An introductory course of ML knowledge for non-tech navy learners, built on learn-by-doing theory and real-world scenario.
Interactive Screens
400+
Learning Results↑
34%
Company
CMU TEELLAB
my role
Learning Engineer
timeline
4 months, Spring 2024
team
2 Learning Engineers, 1 UX Designer
Context
AI has been widely used in navy.
such as autonomous vehicle operation, intelligent decision support systems, control systems, threat detection, and so on.
Many personnel lack basic AI knowledge, limiting their ability to leverage these technologies
That's why we need to ask:
How might we create an intuitive ML intro course tailored for Navy AI users?
Analyze
AI has been widely used in navy.
AI applications in navy settings
To understand how is AI applied in navy settings, we consulted the subject matter experts to understand the AI application scenarios. Here are the three major AI applications we found out:
Threat Detection and Assessment
Logistics and Maintenance
Intelligent Decision Support
Challenges for aI learners
Another thing is to understand the biggest challenges for the first time AI learners, we conducted user interview with 3 non-tech learners. Here are the insights we extracted from the interviews:
#1 Abstract Data Types: Learners struggle to see the role of data types in preprocessing and models.
#2 Complex Terms: Jargon like "regression" and "neural networks" confuses beginners.
#3 Training vs. Testing: Understanding how models learn and generalize is challenging.
Design
Map out the learning plan
objectives
We settled on the final 5 learning objectives through working collaboratively with the subject matter experts, targeting the three challenges identified above.
#LO1 Differentiate among common types of data (e.g., text, images, tables, audio, video), and contrast their properties.
#LO2 Contrast inputs and outputs of various ML models and their uses.
#LO3 Explain the process of training and evaluation of ML models, focusing on the role of gold standard data (ground truth).
#LO4 Demonstrate how real-world objects or concepts can be represented as numerical features (i.e., an input to a ML model).
#LO5 Analyze the effects of using different inputs (features) or outputs (targets) on the usability of ML systems.
Activities
We mapped out the learning objectives to three learning tasks and one transfer task. And decompose each of the tasks into detailed learning and practice events.
instruction
To create an engaging and immersive learning experience, we designed a chat-based instruction system set in a real-world scenario. This approach allows learners to immerse themselves in the context while exploring concepts and solving problems interactively.
Develop
Building interactive activities for the learning objectives
Task 1: Identify and represent data types
Task 1 focuses on gathering diverse plane data, cleaning it, and transforming it into numerical formats—laying the groundwork for training an ML model to power predictive maintenance and keep planes in optimal condition.

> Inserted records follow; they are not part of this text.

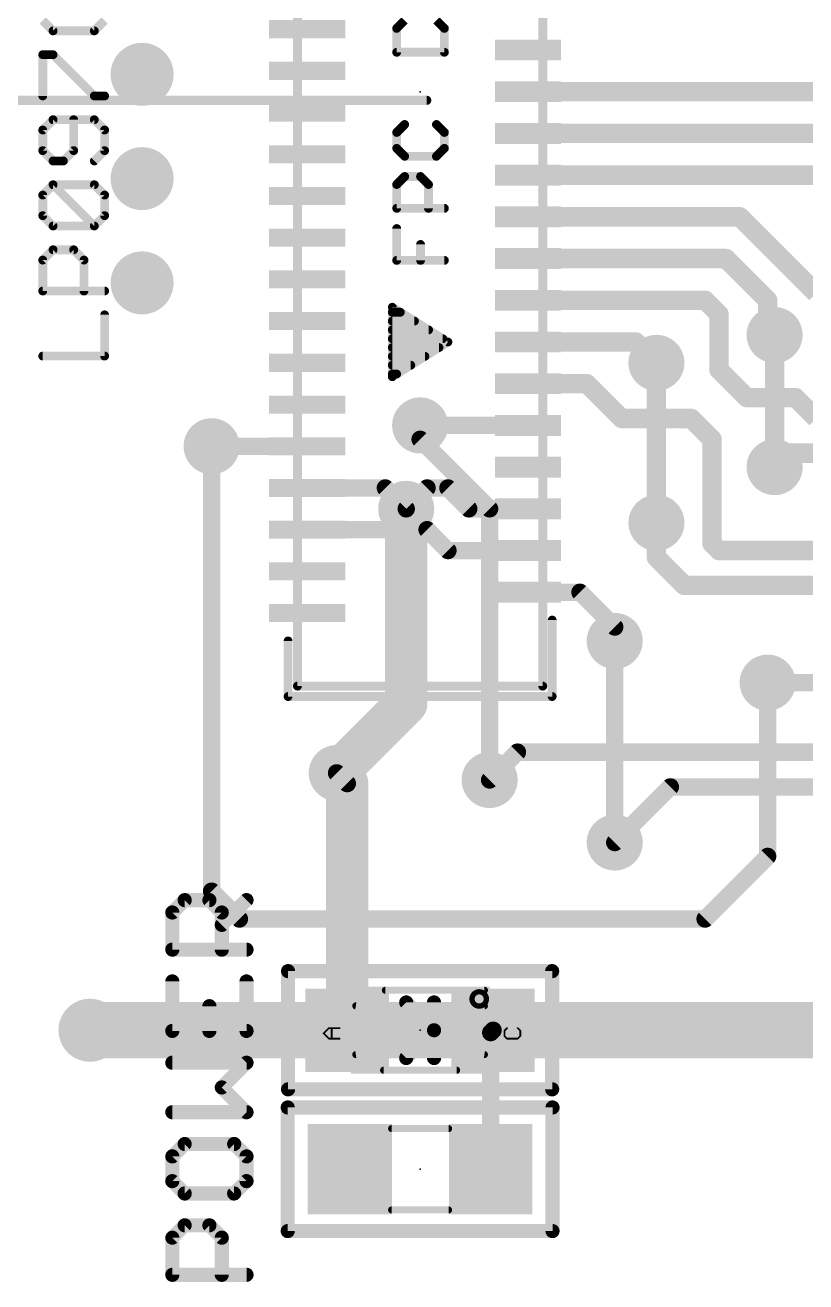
# Model space of a CAD drawing. Extents: x -12.5 to 70.1, y -12.4 to 85.2.
# Drawn here: x 0.32 to 11.55, y 6.88 to 24.96 of the extents above; entities that cross this region are included whole.
import ezdxf

# ---------------------------------------------------------------- set-up
doc = ezdxf.new("R2010")
doc.units = 0
for name, color, linetype in [('1', 12, 'CONTINUOUS'), ('16', 132, 'CONTINUOUS'), ('18', 110, 'CONTINUOUS'), ('21', 40, 'CONTINUOUS'), ('23', 53, 'CONTINUOUS'), ('47', 253, 'CONTINUOUS'), ('51', 253, 'CONTINUOUS')]:
    doc.layers.add(name, color=color, linetype=linetype)

# ---------------------------------------------------------------- blocks, each defined once
blk = doc.blocks.new('RECT')
blk.add_solid([(-0.5, -0.5), (0.5, -0.5), (-0.5, 0.5), (0.5, 0.5)])
blk = doc.blocks.new('ROUNDV')
at = {"const_width": 0.5}
blk.add_lwpolyline([(0, -0.25, 1), (0, 0.25, 1), (0, -0.25)], format="xyb", dxfattribs=at)

msp = doc.modelspace()

# ---------------------------------------------------------------- linework, layer by layer
at = {"layer": '1'}
for points, const_width in [([(7.55, 24), (12.7, 24)], 0.28), ([(12.1, 23.4), (7.55, 23.4)], 0.28), ([(11.7, 22.8), (7.55, 22.8)], 0.28), ([(7.55, 22.2), (10.6, 22.2)], 0.28), ([(10.6, 22.2), (11.7, 21.1)], 0.28), ([(7.55, 21.6), (10.4, 21.6)], 0.28), ([(10.4, 21.6), (11, 21)], 0.28), ([(7.55, 21), (10.1, 21)], 0.28), ([(10.1, 21), (10.3, 20.8)], 0.28), ([(11, 21), (11, 20.6)], 0.28), ([(10.3, 20.8), (10.3, 20)], 0.28), ([(11, 20.6), (11.1, 20.5)], 0.28), ([(7.55, 20.4), (9.1, 20.4)], 0.28), ([(9.1, 20.4), (9.4, 20.1)], 0.28), ([(10.3, 20), (10.7, 19.6)], 0.28), ([(7.55, 19.8), (8.4, 19.8)], 0.28), ([(8.4, 19.8), (8.9, 19.3)], 0.28), ([(10.7, 19.6), (11.4, 19.6)], 0.28), ([(11.4, 19.6), (11.7, 19.3)], 0.28), ([(8.9, 19.3), (9.9, 19.3)], 0.28), ([(9.9, 19.3), (10.2, 19)], 0.28), ([(6, 19.2), (7.55, 19.2)], 0.25), ([(4.375, 18.9), (3, 18.9)], 0.25), ([(10.2, 19), (10.2, 17.5)], 0.28), ([(11.1, 18.6), (11.3, 18.8)], 0.28), ([(11.3, 18.8), (12.8, 18.8)], 0.28), ([(4.375, 18.3), (5.5, 18.3)], 0.25), ([(5.5, 18.3), (5.8, 18)], 0.25), ([(6.1, 18.3), (5.8, 18)], 0.25), ([(6.4, 18.3), (6.1, 18.3)], 0.25), ([(6.4, 18.3), (6.7, 18)], 0.25), ([(5.8, 18), (5.8, 17.7)], 0.25), ([(6.7, 18), (7.55, 18)], 0.25), ([(9.4, 17.8), (9.4, 17.3)], 0.28), ([(4.375, 17.7), (5.8, 17.7)], 0.25), ([(5.8, 17.7), (6.1, 17.7)], 0.25), ([(6.1, 17.7), (6.4, 17.4)], 0.25), ([(10.2, 17.5), (10.3, 17.4)], 0.28), ([(11.7, 17.4), (10.3, 17.4)], 0.28), ([(6.4, 17.4), (7.55, 17.4)], 0.25), ([(9.4, 17.3), (9.8, 16.9)], 0.28), ([(9.8, 16.9), (14, 16.9)], 0.28), ([(8.3, 16.8), (7.55, 16.8)], 0.25), ([(8.8, 16.3), (8.3, 16.8)], 0.25), ([(8.8, 16.1), (8.8, 16.3)], 0.25), ([(11, 15.5), (31.72, 15.5)], 0.25), ([(7.4, 14.5), (7, 14.1)], 0.25), ([(31.72, 14.5), (7.4, 14.5)], 0.25), ([(4.95, 10.5), (4.95, 14.05)], 0.6096), ([(4.95, 14.05), (4.8, 14.2)], 0.254), ([(9.6, 14), (8.8, 13.2)], 0.25), ([(31.72, 14), (9.6, 14)], 0.25), ([(4.95, 10.5), (1.25, 10.5)], 0.6096), ([(7.016, 10.466), (7.05, 10.5)], 0.25), ([(7.016, 8.5), (7.016, 10.466)], 0.25)]:
    msp.add_lwpolyline(points, dxfattribs=dict(at, const_width=const_width))
for points, const_width in [([(7.55, 24.07, 1), (7.55, 23.93)], 0.14), ([(7.55, 23.47, 1), (7.55, 23.33)], 0.14), ([(7.55, 22.87, 1), (7.55, 22.73)], 0.14), ([(7.55, 22.27, 1), (7.55, 22.13)], 0.14), ([(10.6495, 22.2495, 1), (10.5505, 22.1505)], 0.14), ([(10.6, 22.13, 1), (10.6, 22.27)], 0.14), ([(7.55, 21.67, 1), (7.55, 21.53)], 0.14), ([(10.4495, 21.6495, 1), (10.3505, 21.5505)], 0.14), ([(10.4, 21.53, 1), (10.4, 21.67)], 0.14), ([(7.55, 21.07, 1), (7.55, 20.93)], 0.14), ([(10.1495, 21.0495, 1), (10.0505, 20.9505)], 0.14), ([(10.1, 20.93, 1), (10.1, 21.07)], 0.14), ([(11.07, 21, 1), (10.93, 21)], 0.14), ([(10.9505, 20.9505, 1), (11.0495, 21.0495)], 0.14), ([(10.37, 20.8, 1), (10.23, 20.8)], 0.14), ([(10.2505, 20.7505, 1), (10.3495, 20.8495)], 0.14), ([(11.0495, 20.6495, 1), (10.9505, 20.5505)], 0.14), ([(10.93, 20.6, 1), (11.07, 20.6)], 0.14), ([(11.0505, 20.4505, 1), (11.1495, 20.5495)], 0.14), ([(7.55, 20.47, 1), (7.55, 20.33)], 0.14), ([(9.1495, 20.4495, 1), (9.0505, 20.3505)], 0.14), ([(9.1, 20.33, 1), (9.1, 20.47)], 0.14), ([(9.3505, 20.0505, 1), (9.4495, 20.1495)], 0.14), ([(10.3495, 20.0495, 1), (10.2505, 19.9505)], 0.14), ([(10.23, 20, 1), (10.37, 20)], 0.14), ([(7.55, 19.87, 1), (7.55, 19.73)], 0.14), ([(8.4495, 19.8495, 1), (8.3505, 19.7505)], 0.14), ([(8.4, 19.73, 1), (8.4, 19.87)], 0.14), ([(10.7, 19.67, 1), (10.7, 19.53)], 0.14), ([(10.6505, 19.5505, 1), (10.7495, 19.6495)], 0.14), ([(11.4495, 19.6495, 1), (11.3505, 19.5505)], 0.14), ([(11.4, 19.53, 1), (11.4, 19.67)], 0.14), ([(8.9, 19.37, 1), (8.9, 19.23)], 0.14), ([(8.8505, 19.2505, 1), (8.9495, 19.3495)], 0.14), ([(9.9495, 19.3495, 1), (9.8505, 19.2505)], 0.14), ([(9.9, 19.23, 1), (9.9, 19.37)], 0.14), ([(6, 19.2625, 1), (6, 19.1375)], 0.125), ([(7.55, 19.1375, 1), (7.55, 19.2625)], 0.125), ([(3, 18.9625, 1), (3, 18.8375)], 0.125), ([(4.375, 18.8375, 1), (4.375, 18.9625)], 0.125), ([(10.27, 19, 1), (10.13, 19)], 0.14), ([(10.1505, 18.9505, 1), (10.2495, 19.0495)], 0.14), ([(11.3, 18.87, 1), (11.3, 18.73)], 0.14), ([(11.3495, 18.7505, 1), (11.2505, 18.8495)], 0.14), ([(11.0505, 18.6495, 1), (11.1495, 18.5505)], 0.14), ([(4.375, 18.3625, 1), (4.375, 18.2375)], 0.125), ([(5.5442, 18.3442, 1), (5.4558, 18.2558)], 0.125), ([(5.5, 18.2375, 1), (5.5, 18.3625)], 0.125), ([(6.1, 18.3625, 1), (6.1, 18.2375)], 0.125), ([(6.1442, 18.2558, 1), (6.0558, 18.3442)], 0.125), ([(6.4442, 18.3442, 1), (6.3558, 18.2558)], 0.125), ([(6.4, 18.2375, 1), (6.4, 18.3625)], 0.125), ([(5.8625, 18, 1), (5.7375, 18)], 0.125), ([(5.7558, 18.0442, 1), (5.8442, 17.9558)], 0.125), ([(5.7558, 17.9558, 1), (5.8442, 18.0442)], 0.125), ([(6.7, 18.0625, 1), (6.7, 17.9375)], 0.125), ([(6.6558, 17.9558, 1), (6.7442, 18.0442)], 0.125), ([(7.55, 17.9375, 1), (7.55, 18.0625)], 0.125), ([(9.47, 17.8, 1), (9.33, 17.8)], 0.14), ([(4.375, 17.7625, 1), (4.375, 17.6375)], 0.125), ([(5.8, 17.7625, 1), (5.8, 17.6375)], 0.125), ([(5.7375, 17.7, 1), (5.8625, 17.7)], 0.125), ([(5.8, 17.6375, 1), (5.8, 17.7625)], 0.125), ([(6.1442, 17.7442, 1), (6.0558, 17.6558)], 0.125), ([(6.1, 17.6375, 1), (6.1, 17.7625)], 0.125), ([(10.2495, 17.5495, 1), (10.1505, 17.4505)], 0.14), ([(10.13, 17.5, 1), (10.27, 17.5)], 0.14), ([(10.3, 17.47, 1), (10.3, 17.33)], 0.14), ([(6.4, 17.4625, 1), (6.4, 17.3375)], 0.125), ([(6.3558, 17.3558, 1), (6.4442, 17.4442)], 0.125), ([(7.55, 17.3375, 1), (7.55, 17.4625)], 0.125), ([(9.4495, 17.3495, 1), (9.3505, 17.2505)], 0.14), ([(9.33, 17.3, 1), (9.47, 17.3)], 0.14), ([(10.2505, 17.3505, 1), (10.3495, 17.4495)], 0.14), ([(9.8, 16.97, 1), (9.8, 16.83)], 0.14), ([(9.7505, 16.8505, 1), (9.8495, 16.9495)], 0.14), ([(7.55, 16.8625, 1), (7.55, 16.7375)], 0.125), ([(8.3442, 16.8442, 1), (8.2558, 16.7558)], 0.125), ([(8.3, 16.7375, 1), (8.3, 16.8625)], 0.125), ([(8.8625, 16.3, 1), (8.7375, 16.3)], 0.125), ([(8.7558, 16.2558, 1), (8.8442, 16.3442)], 0.125), ([(8.7375, 16.1, 1), (8.8625, 16.1)], 0.125), ([(11, 15.5625, 1), (11, 15.4375)], 0.125), ([(7.4, 14.5625, 1), (7.4, 14.4375)], 0.125), ([(7.4442, 14.4558, 1), (7.3558, 14.5442)], 0.125), ([(5.1024, 14.05, 1), (4.7976, 14.05)], 0.3048), ([(4.8449, 14.2449, 1), (4.7551, 14.1551)], 0.127), ([(4.9051, 14.0051, 1), (4.9949, 14.0949)], 0.127), ([(6.9558, 14.1442, 1), (7.0442, 14.0558)], 0.125), ([(9.6, 14.0625, 1), (9.6, 13.9375)], 0.125), ([(9.6442, 13.9558, 1), (9.5558, 14.0442)], 0.125), ([(8.7558, 13.2442, 1), (8.8442, 13.1558)], 0.125), ([(1.25, 10.6524, 1), (1.25, 10.3476)], 0.3048), ([(4.95, 10.3476, 1), (4.95, 10.6524)], 0.3048), ([(4.7976, 10.5, 1), (5.1024, 10.5)], 0.3048), ([(7.0785, 10.466, 1), (6.9535, 10.466)], 0.125), ([(6.9718, 10.5102, 1), (7.0602, 10.4218)], 0.125), ([(7.0942, 10.4558, 1), (7.0058, 10.5442)], 0.125), ([(6.9535, 8.5, 1), (7.0785, 8.5)], 0.125)]:
    msp.add_lwpolyline(points, format="xyb", dxfattribs=dict(at, const_width=const_width))
at = {"layer": '16'}
for points, const_width in [([(11.1, 20.5), (11.1, 18.6)], 0.28), ([(9.4, 20.1), (9.4, 17.8)], 0.28), ([(6, 19.2), (6, 19)], 0.25), ([(3, 18.9), (3, 12.5)], 0.25), ([(6, 19), (7, 18)], 0.25), ([(5.8, 15.2), (5.8, 18)], 0.6096), ([(7, 18), (7, 14.1)], 0.25), ([(8.8, 13.2), (8.8, 16.1)], 0.25), ([(11, 13), (11, 15.5)], 0.25), ([(4.8, 14.2), (5.8, 15.2)], 0.6096), ([(10.1, 12.1), (11, 13)], 0.25), ([(3, 12.5), (3.4, 12.1)], 0.25), ([(3.4, 12.1), (10.1, 12.1)], 0.25), ([(34.376, 10.5), (1.25, 10.5)], 0.8128)]:
    msp.add_lwpolyline(points, dxfattribs=dict(at, const_width=const_width))
for points, const_width in [([(11.17, 20.5, 1), (11.03, 20.5)], 0.14), ([(9.47, 20.1, 1), (9.33, 20.1)], 0.14), ([(6.0625, 19.2, 1), (5.9375, 19.2)], 0.125), ([(3.0625, 18.9, 1), (2.9375, 18.9)], 0.125), ([(6.0442, 19.0442, 1), (5.9558, 18.9558)], 0.125), ([(5.9375, 19, 1), (6.0625, 19)], 0.125), ([(11.03, 18.6, 1), (11.17, 18.6)], 0.14), ([(5.9524, 18, 1), (5.6476, 18)], 0.3048), ([(7.0625, 18, 1), (6.9375, 18)], 0.125), ([(6.9558, 17.9558, 1), (7.0442, 18.0442)], 0.125), ([(9.33, 17.8, 1), (9.47, 17.8)], 0.14), ([(8.8625, 16.1, 1), (8.7375, 16.1)], 0.125), ([(11.0625, 15.5, 1), (10.9375, 15.5)], 0.125), ([(5.9078, 15.0922, 1), (5.6922, 15.3078)], 0.3048), ([(5.6476, 15.2, 1), (5.9524, 15.2)], 0.3048), ([(4.6922, 14.3078, 1), (4.9078, 14.0922)], 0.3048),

Task 2: Evaluate Outputs of AI Models
Task 2 explores experimenting with diverse data types, feeding them into four distinct ML models. These models produce varied outputs, driving improved efficiency in detection and prediction tasks.
Task 3: Train And evaluate aI model
Task 3 involves selecting inputs and applying feature engineering to predict an engine's remaining useful life using regression. This task navigates the full ML model-building process, fine-tuning performance through iterative comparisons with gold standard data.
Transfer Task: Apply Your knowledge
The transfer task positions a data analyst within the Navy’s data science team to develop an ML model from scratch. This image classification model, built through five stages of model building, aims to classify ship types and enhance rapid response to potential threats.
Develop
Add a Fun Task to Boost Learners’ Motivation
To introduce the scenario of airplane maintenance, a motivation task is placed at the beginning of the course. This helps boost learners' familiarity and engagement with the course setting.
Implement
coordinate with the dev team for smooth implementation
We used Notion to track tasks and ownership. I created 30+ QA cards to flag usability issues, collaborated with the dev team, and ensured all changes were seamlessly implemented.
evaluation
Pilot test for learning effects and usability issues
We invited five learners to pilot test the course, which took them an average of one hour to complete. The results showed a 34% improvement in their post-learning test scores compared to their pre-learning test scores.
"Very informative content. I also enjoyed the interspersed activities."
-- Learner 1
"Showing exactly how categorical data is converted into numerical data in pre-processing was helpful."
-- Learner 2
reflection
Interaction adds to engagement
This project highlighted the power of interactive learning. Animations and drag-and-drop features captivated learners, keeping them engaged and boosting their outcomes—a reminder of how design transforms learning.
Collaboration make things happen
With 100+ touchpoints across engineers, SMEs, designers, and developers, this project showed the power of collaboration. Each role was key to turning big ideas into impactful solutions.